Have you tried testing with a multimeter?


----------



## radwilsons5803 (Dec 2, 2010)

I would make sure the sub and amp are up to par as well. My buddy had the same problem and it turned out his subs were at fault. They had bad tinsel leads. Try a different sub first, then if problem persists, use a different amp, and so on. What amp are you using?


----------



## judesign (Feb 20, 2011)

Thanks for the replies. Head unit from crutchfield and they are sending me a new one since they think the preouts are defective. Im just not sure how likely that is but I cant think of what else it could be ( im fairly new to car audio)

I have tried the other preouts and made sure of the rca orientation (polarity). Still no sound. The only preouts on the unit you can turn off are the sub preouts and I have made sure they are turned on. Also the other two sets of preouts are always on and are producing no sound as well.


----------



## judesign (Feb 20, 2011)

seekingSQnirvana said:


> Have you tried testing with a multimeter?


Im not sure how to do this


----------



## judesign (Feb 20, 2011)

radwilsons5803 said:


> I would make sure the sub and amp are up to par as well. My buddy had the same problem and it turned out his subs were at fault. They had bad tinsel leads. Try a different sub first, then if problem persists, use a different amp, and so on. What amp are you using?

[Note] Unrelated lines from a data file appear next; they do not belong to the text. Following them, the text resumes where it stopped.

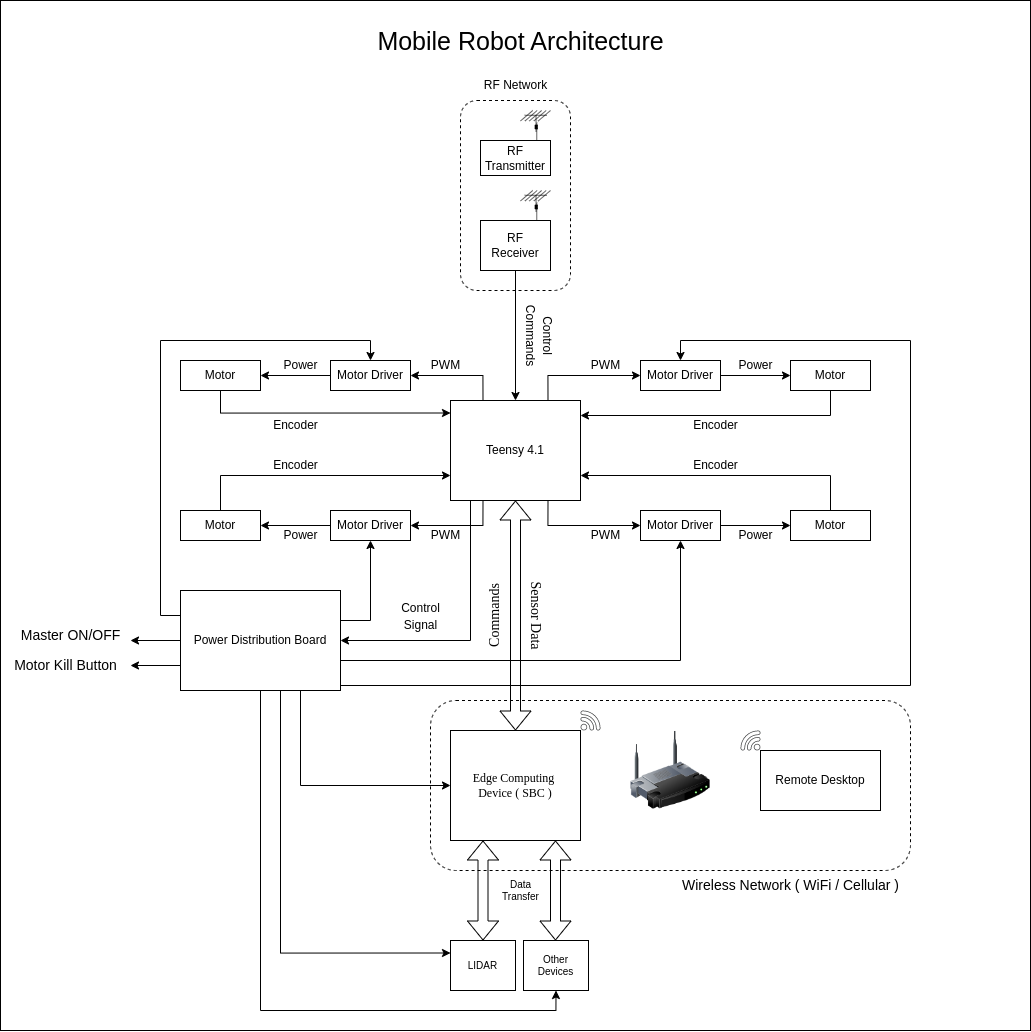

The diagram above was exported from draw.io. Its source (the exported page's mxGraphModel, read from the mxfile embedded in the PNG):
<mxGraphModel dx="2899" dy="2206" grid="1" gridSize="10" guides="1" tooltips="1" connect="1" arrows="1" fold="1" page="1" pageScale="1" pageWidth="850" pageHeight="1100" math="0" shadow="0">
  <root>
    <mxCell id="0" />
    <mxCell id="1" parent="0" />
    <mxCell id="_YAPov_zebBPmm95N6zz-95" value="" style="rounded=0;whiteSpace=wrap;html=1;strokeWidth=1;fontSize=12;fillColor=default;" vertex="1" parent="1">
      <mxGeometry x="-130" y="-230" width="1030" height="1030" as="geometry" />
    </mxCell>
    <mxCell id="_YAPov_zebBPmm95N6zz-54" value="" style="rounded=1;whiteSpace=wrap;html=1;strokeWidth=1;fontSize=14;dashed=1;" vertex="1" parent="1">
      <mxGeometry x="330" y="-130" width="110" height="190" as="geometry" />
    </mxCell>
    <mxCell id="_YAPov_zebBPmm95N6zz-38" value="" style="rounded=1;whiteSpace=wrap;html=1;strokeWidth=1;fontSize=14;dashed=1;" vertex="1" parent="1">
      <mxGeometry x="300" y="470" width="480" height="170" as="geometry" />
    </mxCell>
    <mxCell id="_YAPov_zebBPmm95N6zz-4" style="edgeStyle=orthogonalEdgeStyle;rounded=0;orthogonalLoop=1;jettySize=auto;html=1;exitX=0.25;exitY=0;exitDx=0;exitDy=0;entryX=1;entryY=0.5;entryDx=0;entryDy=0;" edge="1" parent="1" source="kLJuPx4ZPwe2cC3NDZZh-2" target="kLJuPx4ZPwe2cC3NDZZh-7">
      <mxGeometry relative="1" as="geometry" />
    </mxCell>
    <mxCell id="_YAPov_zebBPmm95N6zz-5" style="edgeStyle=orthogonalEdgeStyle;rounded=0;orthogonalLoop=1;jettySize=auto;html=1;exitX=0.75;exitY=0;exitDx=0;exitDy=0;entryX=0;entryY=0.5;entryDx=0;entryDy=0;" edge="1" parent="1" source="kLJuPx4ZPwe2cC3NDZZh-2" target="kLJuPx4ZPwe2cC3NDZZh-5">
      <mxGeometry relative="1" as="geometry" />
    </mxCell>
    <mxCell id="_YAPov_zebBPmm95N6zz-6" style="edgeStyle=orthogonalEdgeStyle;rounded=0;orthogonalLoop=1;jettySize=auto;html=1;exitX=0.25;exitY=1;exitDx=0;exitDy=0;entryX=1;entryY=0.5;entryDx=0;entryDy=0;" edge="1" parent="1" source="kLJuPx4ZPwe2cC3NDZZh-2" target="kLJuPx4ZPwe2cC3NDZZh-6">
      <mxGeometry relative="1" as="geometry" />
    </mxCell>
    <mxCell id="_YAPov_zebBPmm95N6zz-7" style="edgeStyle=orthogonalEdgeStyle;rounded=0;orthogonalLoop=1;jettySize=auto;html=1;exitX=0.75;exitY=1;exitDx=0;exitDy=0;entryX=0;entryY=0.5;entryDx=0;entryDy=0;" edge="1" parent="1" source="kLJuPx4ZPwe2cC3NDZZh-2" target="kLJuPx4ZPwe2cC3NDZZh-8">
      <mxGeometry relative="1" as="geometry" />
    </mxCell>
    <mxCell id="_YAPov_zebBPmm95N6zz-88" style="edgeStyle=orthogonalEdgeStyle;rounded=0;orthogonalLoop=1;jettySize=auto;html=1;exitX=0;exitY=1;exitDx=0;exitDy=0;entryX=1;entryY=0.5;entryDx=0;entryDy=0;fontSize=14;" edge="1" parent="1" source="kLJuPx4ZPwe2cC3NDZZh-2" target="_YAPov_zebBPmm95N6zz-61">
      <mxGeometry relative="1" as="geometry">
        <Array as="points">
          <mxPoint x="340" y="270" />
          <mxPoint x="340" y="410" />
        </Array>
      </mxGeometry>
    </mxCell>
    <mxCell id="kLJuPx4ZPwe2cC3NDZZh-2" value="Teensy 4.1" style="rounded=0;whiteSpace=wrap;html=1;" parent="1" vertex="1">
      <mxGeometry x="320" y="170" width="130" height="100" as="geometry" />
    </mxCell>
    <mxCell id="kLJuPx4ZPwe2cC3NDZZh-15" style="edgeStyle=orthogonalEdgeStyle;rounded=0;orthogonalLoop=1;jettySize=auto;html=1;entryX=0;entryY=0.5;entryDx=0;entryDy=0;" parent="1" source="kLJuPx4ZPwe2cC3NDZZh-5" target="kLJuPx4ZPwe2cC3NDZZh-11" edge="1">
      <mxGeometry relative="1" as="geometry" />
    </mxCell>
    <mxCell id="kLJuPx4ZPwe2cC3NDZZh-5" value="Motor Driver" style="rounded=0;whiteSpace=wrap;html=1;" parent="1" vertex="1">
      <mxGeometry x="510" y="130" width="80" height="30" as="geometry" />
    </mxCell>
    <mxCell id="kLJuPx4ZPwe2cC3NDZZh-17" value="" style="edgeStyle=orthogonalEdgeStyle;rounded=0;orthogonalLoop=1;jettySize=auto;html=1;" parent="1" source="kLJuPx4ZPwe2cC3NDZZh-6" target="kLJuPx4ZPwe2cC3NDZZh-13" edge="1">
      <mxGeometry relative="1" as="geometry" />
    </mxCell>
    <mxCell id="kLJuPx4ZPwe2cC3NDZZh-6" value="Motor Driver" style="rounded=0;whiteSpace=wrap;html=1;" parent="1" vertex="1">
      <mxGeometry x="200" y="280" width="80" height="30" as="geometry" />
    </mxCell>
    <mxCell id="kLJuPx4ZPwe2cC3NDZZh-16" value="" style="edgeStyle=orthogonalEdgeStyle;rounded=0;orthogonalLoop=1;jettySize=auto;html=1;" parent="1" source="kLJuPx4ZPwe2cC3NDZZh-7" target="kLJuPx4ZPwe2cC3NDZZh-12" edge="1">
      <mxGeometry relative="1" as="geometry" />
    </mxCell>
    <mxCell id="kLJuPx4ZPwe2cC3NDZZh-7" value="Motor Driver" style="rounded=0;whiteSpace=wrap;html=1;" parent="1" vertex="1">
      <mxGeometry x="200" y="130" width="80" height="30" as="geometry" />
    </mxCell>
    <mxCell id="kLJuPx4ZPwe2cC3NDZZh-18" value="" style="edgeStyle=orthogonalEdgeStyle;rounded=0;orthogonalLoop=1;jettySize=auto;html=1;" parent="1" source="kLJuPx4ZPwe2cC3NDZZh-8" target="kLJuPx4ZPwe2cC3NDZZh-14" edge="1">
      <mxGeometry relative="1" as="geometry" />
    </mxCell>
    <mxCell id="kLJuPx4ZPwe2cC3NDZZh-8" value="Motor Driver" style="rounded=0;whiteSpace=wrap;html=1;" parent="1" vertex="1">
      <mxGeometry x="510" y="280" width="80" height="30" as="geometry" />
    </mxCell>
    <mxCell id="kLJuPx4ZPwe2cC3NDZZh-19" style="edgeStyle=orthogonalEdgeStyle;rounded=0;orthogonalLoop=1;jettySize=auto;html=1;" parent="1" source="kLJuPx4ZPwe2cC3NDZZh-11" target="kLJuPx4ZPwe2cC3NDZZh-2" edge="1">
      <mxGeometry relative="1" as="geometry">
        <Array as="points">
          <mxPoint x="700" y="185" />
        </Array>
        <mxPoint x="470" y="185" as="targetPoint" />
      </mxGeometry>
    </mxCell>
    <mxCell id="kLJuPx4ZPwe2cC3NDZZh-11" value="Motor" style="rounded=0;whiteSpace=wrap;html=1;" parent="1" vertex="1">
      <mxGeometry x="660" y="130" width="80" height="30" as="geometry" />
    </mxCell>
    <mxCell id="_YAPov_zebBPmm95N6zz-2" style="edgeStyle=orthogonalEdgeStyle;rounded=0;orthogonalLoop=1;jettySize=auto;html=1;exitX=0.5;exitY=1;exitDx=0;exitDy=0;entryX=0;entryY=0.125;entryDx=0;entryDy=0;entryPerimeter=0;" edge="1" parent="1" source="kLJuPx4ZPwe2cC3NDZZh-12" target="kLJuPx4ZPwe2cC3NDZZh-2">
      <mxGeometry relative="1" as="geometry" />
    </mxCell>
    <mxCell id="kLJuPx4ZPwe2cC3NDZZh-12" value="Motor" style="rounded=0;whiteSpace=wrap;html=1;" parent="1" vertex="1">
      <mxGeometry x="50" y="130" width="80" height="30" as="geometry" />
    </mxCell>
    <mxCell id="_YAPov_zebBPmm95N6zz-9" style="edgeStyle=orthogonalEdgeStyle;rounded=0;orthogonalLoop=1;jettySize=auto;html=1;entryX=0;entryY=0.75;entryDx=0;entryDy=0;" edge="1" parent="1" source="kLJuPx4ZPwe2cC3NDZZh-13" target="kLJuPx4ZPwe2cC3NDZZh-2">
      <mxGeometry relative="1" as="geometry">
        <Array as="points">
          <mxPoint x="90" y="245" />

The sub and amp I am using are both alpine. amp is mrpm500 hooked up to an alpine type r 12. I have been using the sub and amp for a few weeks with a line output converter and factory head unit. They have been working great so Im not sure if they are at fault especially since they worked when I plugged an ipod directly up to them.


----------



## Gary S (Dec 11, 2007)

I think up to 10% of electronics have some defect out of the box. Not uncommon at all.


----------



## judesign (Feb 20, 2011)

Ok it gets stranger. Again thanks for helping the newb. I just tried it one last time and am now getting sound from the sub but I have to turn the gain almost all of the way up and turn the headunit sub level all the way up. Im not sure what to set the filters to or if thats an issue.


----------



## radwilsons5803 (Dec 2, 2010)

Sounds like its the head unit if the amp/sub worked on your ipod. If you ever need any help with using a multimeter just let me know. Hope the new unit works out for you


----------



## sqshoestring (Jun 19, 2007)

Get a $10 DMM, digital multimeter. You should be able to d-load a tone CD from here and burn it, usb, etc. Play a 1dB tone at 60-80 hz cheap meters like that better, unhook all the speakers and RCA. Ground the black lead and put the red lead inside the RCA outs on the HU. Play the tone at loud as the HU goes or up to where it clips if you know. Have meter set to AC voltage. If its a 4v HU you should see 4v on the meter though it may not, but 2V even will run an amp fine. You will not see much voltage until it is very loud. If you checked the speaker leads you would see 10v or something, but make sure you don't short any speaker leads while doing this. You could probably turn it up that loud for a moment but if you leave your speakers hooked up don't damage them. If you took your ipod RCA cord and checked it iirc they max at 1v AC, the outside shield of the RCA is 'ground' in either unless you have balanced outputs on your HU. Those shields should be grounded to the case of the HU for the HU RCA. That you would measure with ohms setting it should be near 0 or same as touching the leads of the meter. Not all meters show 0 ohms well (complete short).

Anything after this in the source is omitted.